The new law allocates $81 million for Missouri's new high risk pool, which is being operated by MHIP. This new pool will be separate from Missouri's existing high risk pool which has been operated by MHIP since 1991.
- The Secretary of Health and Human Services has the option of implementing the national high risk pool program by entering into agreements for the administration of the program with existing state high risk pools.
- Over the past 8 months, the National Association of Comprehensive Health Insurance Plans, the organization of 35 existing state high risk pools, has briefed the Obama Administration and advised Congressional Leadership that most state risk pools are ready and eager to serve as the mechanism to implement the new Federal high risk pool.
- Nationally, 35 state risk pools currently insure over 200,000 individuals, by providing comprehensive health insurance coverage.
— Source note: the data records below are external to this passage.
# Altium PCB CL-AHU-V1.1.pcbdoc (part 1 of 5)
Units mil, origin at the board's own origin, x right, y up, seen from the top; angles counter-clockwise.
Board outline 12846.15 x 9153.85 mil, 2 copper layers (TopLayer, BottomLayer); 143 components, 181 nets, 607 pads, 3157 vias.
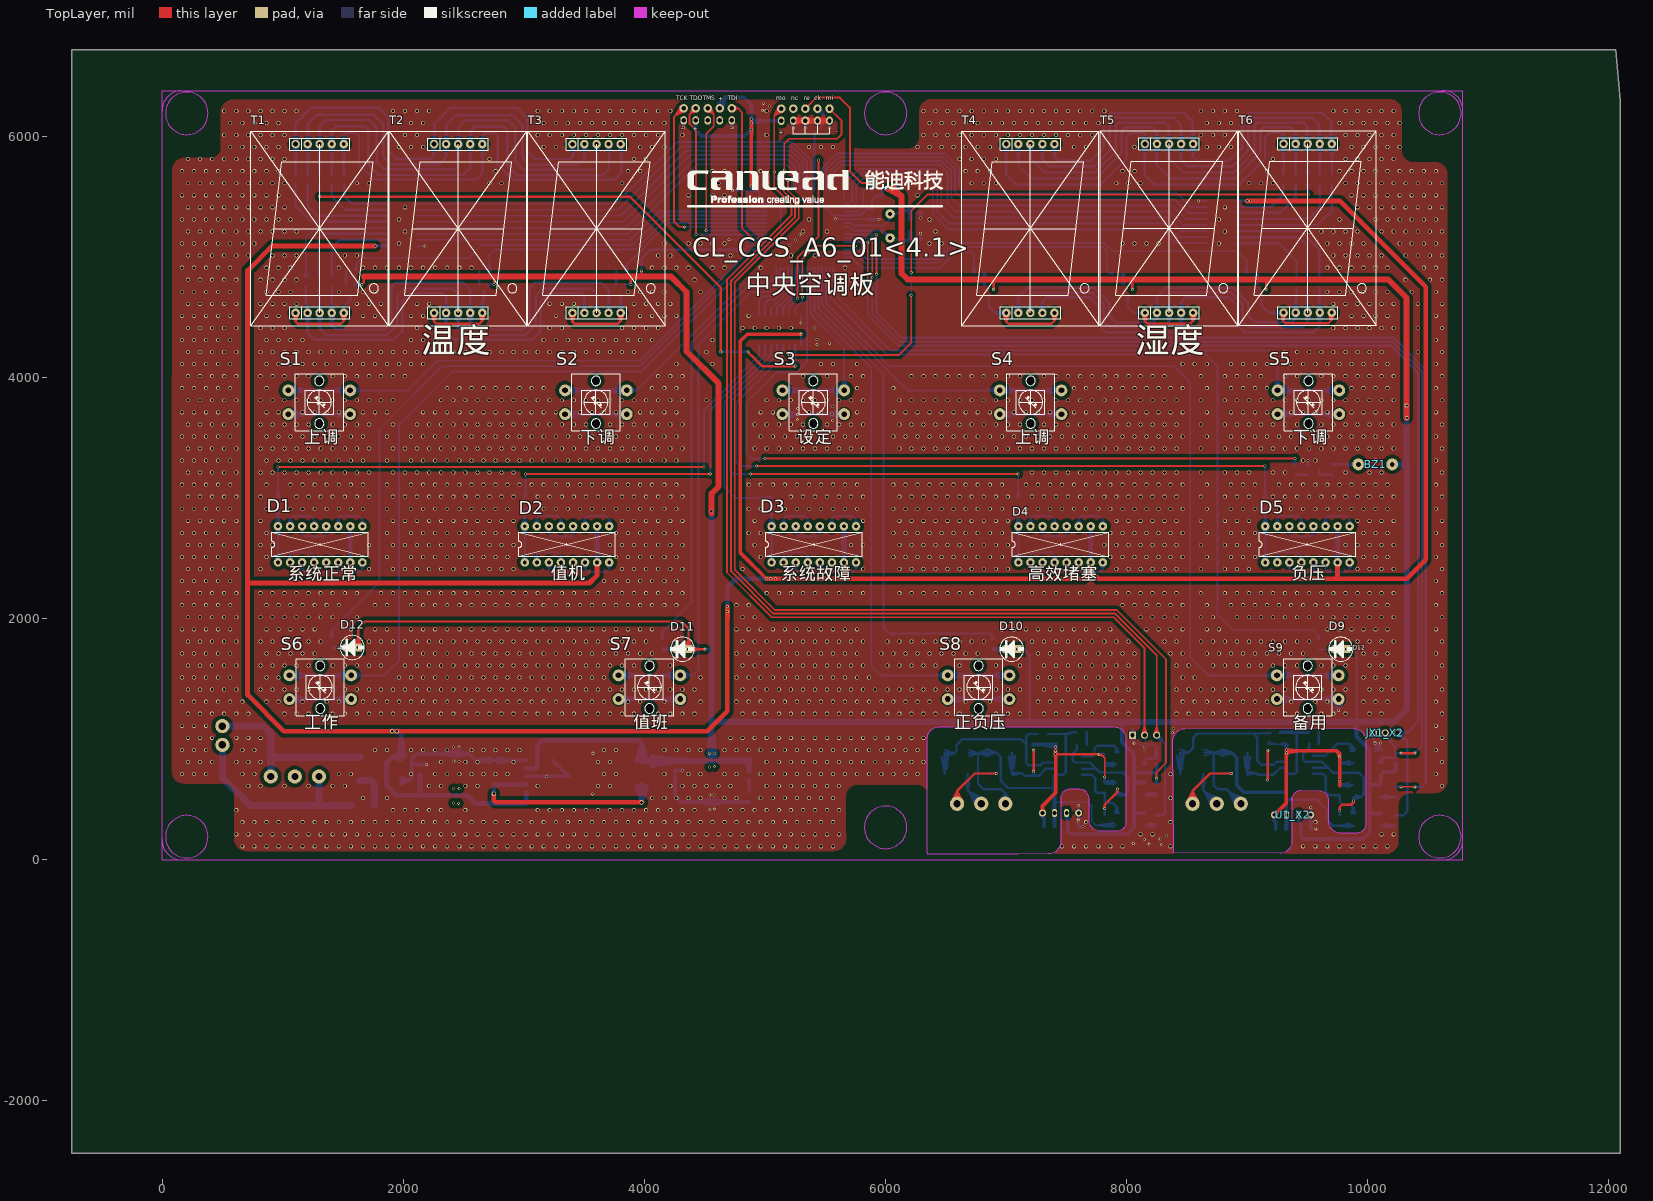
[diagram p0: TopLayer view]
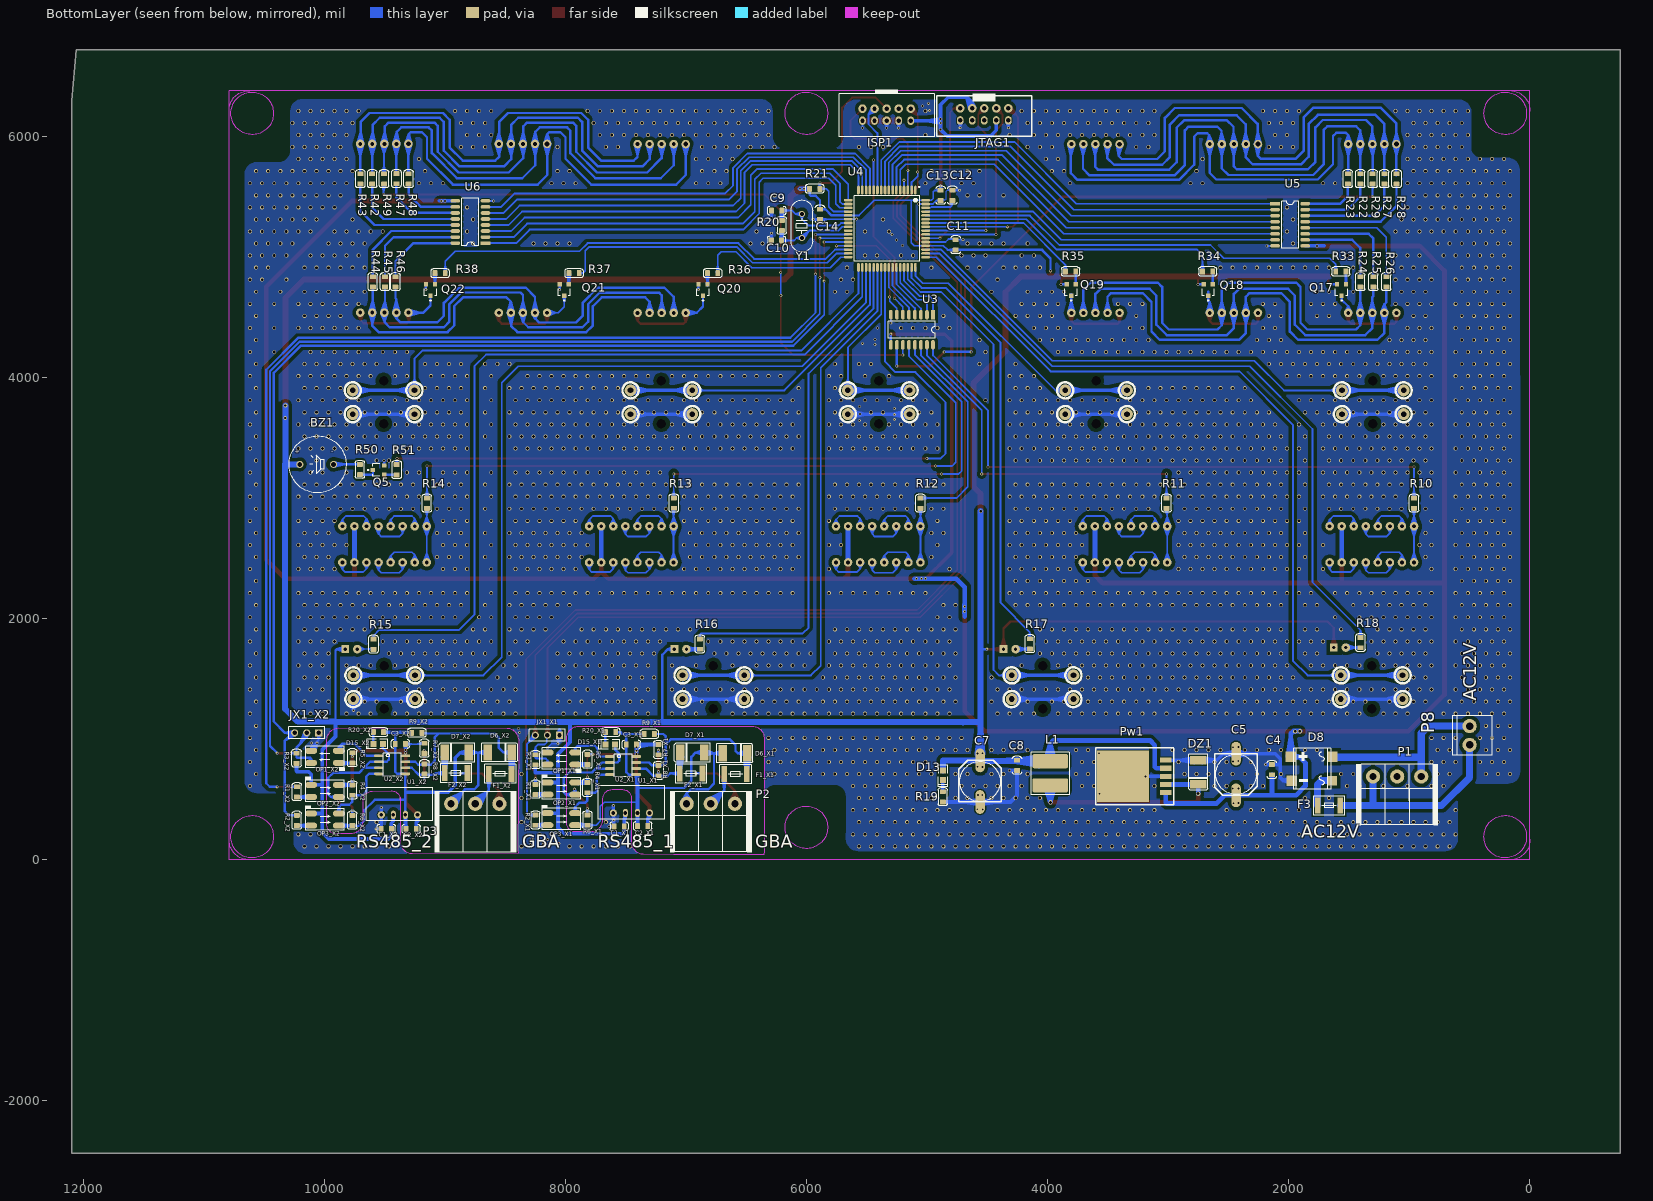
[diagram p1: BottomLayer view, seen from below]
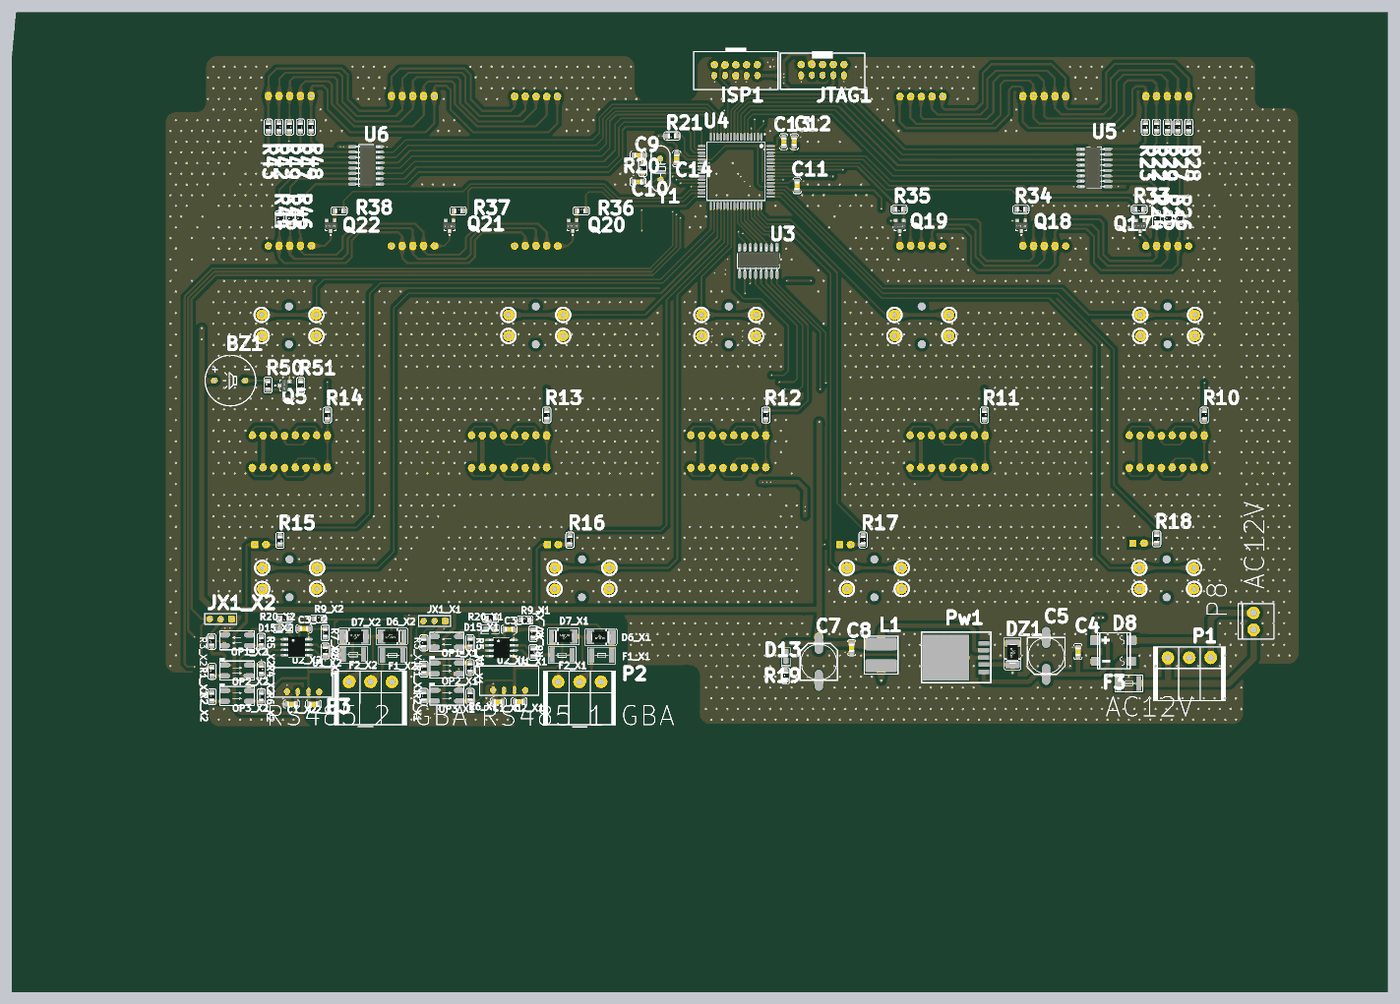
[diagram p6: 3D render of the assembled board from below, using the file's embedded part models]

## Layer stack, top to bottom
TopSolder: solder mask 0.4, Solder Resist, Dk 3.5
TopLayer: signal copper 1.4
Dielectric1: dielectric 12.6, FR-4, Dk 4.8
BottomLayer: signal copper 1.4
BottomSolder: solder mask 0.4, Solder Resist, Dk 3.5

## Board outline
12056.64,6718.92 -751.06,6718.92 -751.06,-2434.92 12095.1,-2434.92 12095.1,6295.84

## Design rules (kind name [scope] priority, off if disabled: settings)
Clearance Clearance_2 [All] p1 off: gap=7
Clearance Clearance_1 [All] p2: gap=30
Clearance [All] p3 off: gap=15
ComponentClearance [All] p1 off: gap=10 collisioncheckmode=3 verticalgap=10 showdistances=FALSE
FabricationTestPointUsage TestPointUsage [All] p1: valid=0 allowmultiple=FALSE
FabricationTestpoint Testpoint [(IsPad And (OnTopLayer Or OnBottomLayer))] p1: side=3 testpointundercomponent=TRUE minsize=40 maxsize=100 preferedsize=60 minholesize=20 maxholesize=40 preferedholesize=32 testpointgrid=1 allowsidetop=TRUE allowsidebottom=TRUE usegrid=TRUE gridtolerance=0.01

- Risk pools, which nationally provide $2 billion in comprehensive health coverage to high risk individuals, currently only receive $55 million a year in federal funding. The remaining cost to currently insure high risk individuals comes from member premiums, and subsidies authorized by states, such as insurance premium and hospital assessments.
- To be eligible for the new federal high risk pool program, an individual must have a preexisting health condition, be a U.S. citizen, and have been uninsured for 6 months.
- To be covered under the federal high risk pool program, qualified individuals will pay a premium that is similar to what individuals, who do not have high risk conditions, would pay in the standard insurance market.
- Those eligible for the federal high risk pool program will not be subject to a preexisting condition exclusion. Members of the new federal risk pool will pay copays, coinsurance and deductibles no more that 35 percent of the cost of covered benefits.
- Those who are not eligible for the new federal high risk pool program can still enroll among the existing 35 state high risk pools.